Posted by Dennis Connelly on Sun, Nov 17, 2013 @ 09:11 AM

LuxuryStore Mall 250pxJust yesterday, I was walking through the Time Warner building at Columbus Circle in New York with my son. After getting our free chocolate truffle from the Godiva store, we stumbled into a famous luxury goods store while we enjoyed our little confections. I should note that if you like chocolate, the Godiva membership is one of the few that gives away something for nothing. One need only wait until the calendar changes to the next month to get your yummy treat. You don’t need points; you don’t need to buy ten to get one; you don’t need to spend a nickel – ever. You just show up and get your free truffle. 

This isn’t a marketing blog but there’s something there worth noting. I know Godiva fully expects that I’ll buy stuff along the way. But that’s beside the point. While other companies work to build “relationships” with their customers with all kinds of strings, caveats, and quid pro quos, Godiva is acting more like a friend. “Here, have one. I ask for nothing from you.” Seth Godin writes copiously about this kind of behavior toward customers becoming increasingly important in a noisy, information-rich world of companies desperate for your narrowing spans of attention. And Frank Belzer, whose new book Sales Shift is in the running for Top Sales World "Top Sales & Marketing Book" of the year. Vote here.
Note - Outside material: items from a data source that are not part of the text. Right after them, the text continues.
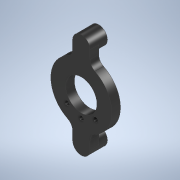
# Autodesk Inventor part: EncoderPinRetainer
Saved by Autodesk Inventor 2020 (Build 240168000, 168)
## iProperties
Created: 2019-06-24
Part Number: EncoderPinRetainer
Material: ABS Plastic
Document SubType Name: Modeling
Designer: Connor
Density: 1.06 g/cm^3
Appearance: Glossy - Black
Author: Connor
Autodesk Inventor part; units mm, degrees
ref_plane "YZ Plane" through (0, 0, 0) normal (1, 0, 0) x (0, 1, 0)
ref_plane "XZ Plane" through (0, 0, 0) normal (0, 1, 0) x (-1, 0, 0)
ref_plane "XY Plane" through (0, 0, 0) normal (0, 0, 1) x (1, 0, 0)
sketch "Sketch1" plane through (0, 0, 0) normal (0, 0, 1) x (1, 0, 0)
  circle A0 centre (0, 0) radius 5.715
  circle A1 centre (0, 0) radius 15.875 construction
  circle A2 centre (0, 15.875) radius 3.175
  circle A3 centre (0, -15.875) radius 3.175
  circle A4 centre (0, 0) radius 11.1125
  line L0 (0, 15.875) -> (0, -15.875) construction
  line L1 (-3.175, 15.875) -> (-3.175, -15.875)
  line L2 (3.175, -15.875) -> (3.175, 15.875)
  arc A5 (3.175, 15.875) -> (-3.175, 15.875) centre (0, 15.875) ccw
  arc A6 (-3.175, -15.875) -> (3.175, -15.875) centre (0, -15.875) ccw
  circle A7 centre (0, -7.366) radius 0.8255
  circle A8 centre (0, 0) radius 7.366 construction
  circle A9 centre (5.2085, -5.2085) radius 0.8255
  circle A10 centre (-5.2085, -5.2085) radius 0.8255
  point P0 (-3.175, 10.6493)
  point P1 (-3.175, -10.6493)
  point P2 (3.175, -10.6493)
  point P3 (3.175, 10.6493)
  point P4 (3.175, 15.875)
  point P5 (3.175, -15.875)
  dimension "d0" = 11.43
  dimension "d1" = 31.75
  dimension "d2" = 6.35
  dimension "d3" = 22.225
  dimension "d6" = 1.651
  dimension "d12" = 14.732
  dimension "d13" = 45
  dimension "d14" = 45
  constraints: 11 centre point, 9 point on circle, 8 end point, 5 tangent, 4 coincident, 3 equal radius, 2 vertical alignment, 1 midpoint, 1 parallel, 1 point on line, 1 vertical
  measures "d0" diameter of A0
  measures "d1" diameter of A1
  measures "d2" diameter of A2
  measures "d3" diameter of A4
  measures "d6" diameter of A7
  measures "d12" diameter of A8
extrude "Extrusion1" add sketch "Sketch1" along normal blind 3.175 contours A0 L2 A4 | A0 L1 A4 L2 | L2 A4 L1 A0 | A0 L1 A4 | A4 L1 A2 L2 | L2 A3 L1 A4 | A2 | A3
extrude "Extrusion2" add sketch "Sketch1" against normal blind 3.175 contours A2 | A3
fillet "Fillet1" radius 3.175 4 edges at (-3.175, -10.6493, 1.5875) (3.175, -10.6493, 1.5875) (-3.175, 10.6493, 1.5875) (3.175, 10.6493, 1.5875)
body "Solid1"

But I want to talk about the luxury good store experience because we can learn something about selling. We walked in, turned right (just like the research showed we would), and started looking at stuff in the glass cases. Art deco lighters, fancy cigar holders, and thousand-dollar pens were among the items so you get the idea of the type of store we were visiting. The young salesperson walked toward us and asked, “Can I help you find something?” I replied, “No.” He said, “Okay,” and backed away. That was it. Poor “ol’ sport,” I thought, having just seen Gatsby and having not yet completely purged that phrase from my head.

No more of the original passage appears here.